Filiation : Pas d’acte de notoriété au concubin ni à l’époux de même sexe

Cour de cassation

Sous réservé d’un contrôle de conventionnalité qui relève des juges du fond, la Cour de cassation est d’avis qu’un juge d’instance « ne peut délivrer un acte de notoriété faisant foi de la possession d’état au bénéfice du concubin de même sexe que le parent envers lequel la filiation est déjà établie ».

La demande d’avis a été formulée par le tribunal d’instance de Saint-Germain-en-Laye dans une procédure concernant une dame qui sollicitait, au visa de l’article 317 du code civil, la délivrance d’un acte de notoriété alors que la filiation était déjà établie à l’égard de sa concubine.

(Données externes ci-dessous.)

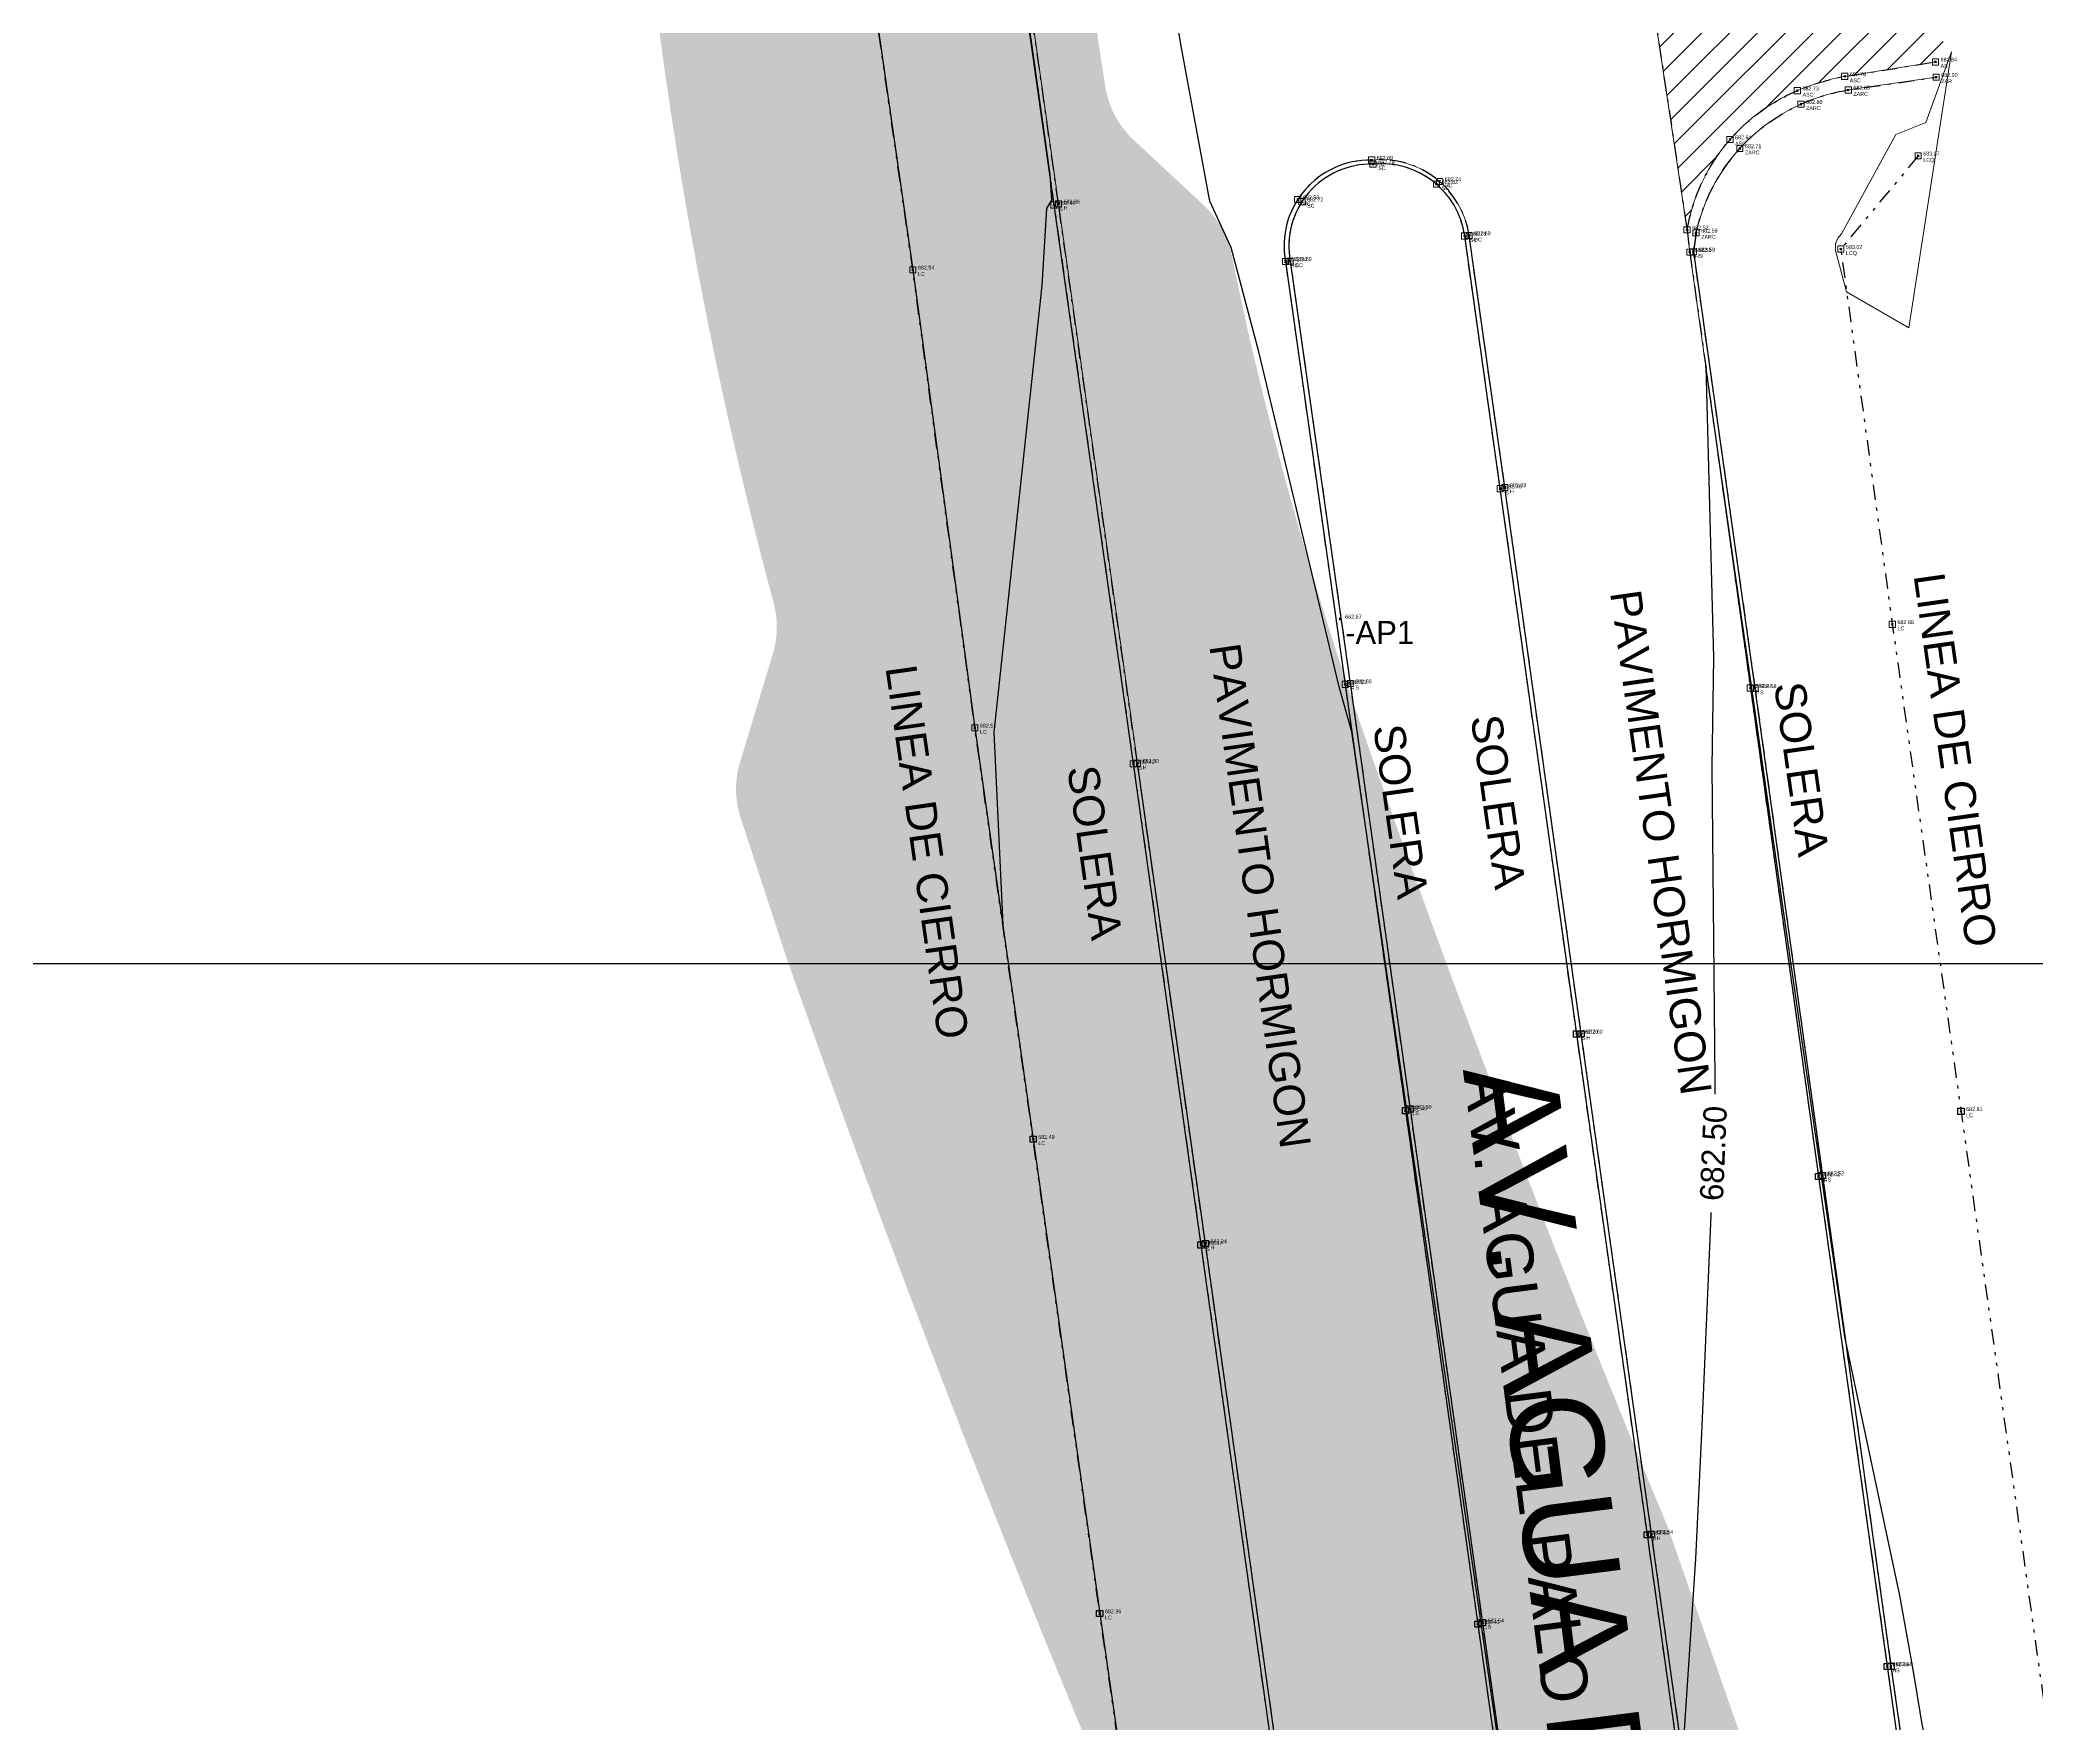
# Model space of a CAD drawing. Extents: x 350769 to 354978, y 6304672 to 6307963.
# Drawn here: x 352722.7 to 352787.2, y 6305675.5 to 6305729.8 of the extents above; entities that cross this region are included whole.
import ezdxf

# ---------------------------------------------------------------- set-up
doc = ezdxf.new("R2010")
doc.units = 0
doc.header["$PDMODE"] = 35
doc.header["$PDSIZE"] = 0.03
for name, pattern in [('4.0 - LO RECABARREN - DESNIVEL NUEVO$0$HIDDEN', [0.375, 0.25, -0.125]), ('CONTINUOS', [0]), ('DASHED', [19.049999999999997, 12.7, -6.35]), ('DIVIDE', [1.25, 0.5, -0.25, 0, -0.25, 0, -0.25]), ('JPG_DASHDOT', [1, 0.5, -0.25, 0, -0.25])]:
    doc.linetypes.add(name, pattern=pattern)
doc.layers.get('0').update_dxf_attribs({"linetype": 'CONTINUOUS'})
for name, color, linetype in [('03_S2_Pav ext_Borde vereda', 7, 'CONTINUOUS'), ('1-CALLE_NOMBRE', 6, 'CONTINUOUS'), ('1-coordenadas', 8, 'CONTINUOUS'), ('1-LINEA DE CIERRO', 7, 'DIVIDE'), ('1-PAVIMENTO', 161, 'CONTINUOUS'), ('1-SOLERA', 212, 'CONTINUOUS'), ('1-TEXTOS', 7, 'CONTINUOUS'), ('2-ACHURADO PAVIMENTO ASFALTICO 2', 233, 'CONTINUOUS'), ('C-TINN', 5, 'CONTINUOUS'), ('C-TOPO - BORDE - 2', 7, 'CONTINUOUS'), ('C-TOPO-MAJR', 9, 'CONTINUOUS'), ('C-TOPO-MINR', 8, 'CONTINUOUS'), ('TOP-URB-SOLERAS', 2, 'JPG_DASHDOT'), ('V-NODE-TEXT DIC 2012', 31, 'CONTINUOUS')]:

L’article 317 précité dispose en effet que « chacun des parents ou l'enfant peut demander au juge du tribunal d'instance du lieu de naissance ou de leur domicile que lui soit délivré un acte de notoriété qui fera foi de la possession d'état jusqu'à preuve contraire./ L'acte de notoriété est établi sur la foi des déclarations d'au moins trois témoins et, si le juge l'estime nécessaire, de tout autre document produit qui attestent une réunion suffisante de faits au sens de l'article 311-1./ La délivrance de l'acte de notoriété ne peut être demandée que dans un délai de cinq ans à compter de la cessation de la possession d'état alléguée ou à compter du décès du parent prétendu, y compris lorsque celui-ci est décédé avant la déclaration de naissance./ La filiation établie par la possession d'état constatée dans l'acte de notoriété est mentionnée en marge de l'acte de naissance de l'enfant./ Ni l'acte de notoriété, ni le refus de le délivrer ne sont sujets à recours. » et selon l’article 320 du même code, « tant qu'elle n'a pas été contestée en justice, la filiation légalement établie fait obstacle à l'établissement d'une autre filiation qui la contredirait ».

Dans son avis, la première chambre civile de la Cour de cassationCiv. 1re, avis, 7 mars 2018, n° 17-70039. rappelle qu’en ouvrant le mariage aux couples de même sexe, la loi n° 2013-404 du 17 mai 2013 a « expressément exclu qu’un lien de filiation puisse être établi à l’égard de deux personnes de même sexe, si ce n’est par l’adoption » et l’article 6-1 du code civil dispose que le mariage et la filiation adoptive emportent « les mêmes effets, droits et obligations reconnus par les lois, à l’exclusion de ceux prévus au titre VII du livre Ier […], que les époux ou les parents soient de sexe différent ou de même sexe ».

Les modes d’établissement du lien de filiation prévus au titre VII du livre Ier du code civil — tels que la reconnaissance ou la présomption de paternité, ou la possession d’état — n’ont donc pas été ouverts, relève la juridiction suprême, aux époux de même et a fortiori aux concubins de même sexe, étant précisé qu’en toute hypothèse, l’article 320 du code civil fait obstacle à l’établissement d’une filiation qui contredirait la filiation légale non judiciairement contestée.

Ces dispositions s’opposent donc, selon la Cour de cassation, à ce que deux filiations maternelles ou deux filiations paternelles soit établies à l’égard d’un même enfant, ce qui fait que — sauf contrôle de conventionnalité, au regard de l’article 3 §1 de la Convention de New York du 20 novembre 1989 et de l’article 8 de la Convention de sauvegarde des droits de l’homme et des libertés fondamentales, qui relève de l’examen préalable des juges du fond — un lien de filiation « ne peut être établi, par possession, à l’égard du concubin de même sexe que le parent envers lequel la filiation est déjà établie ».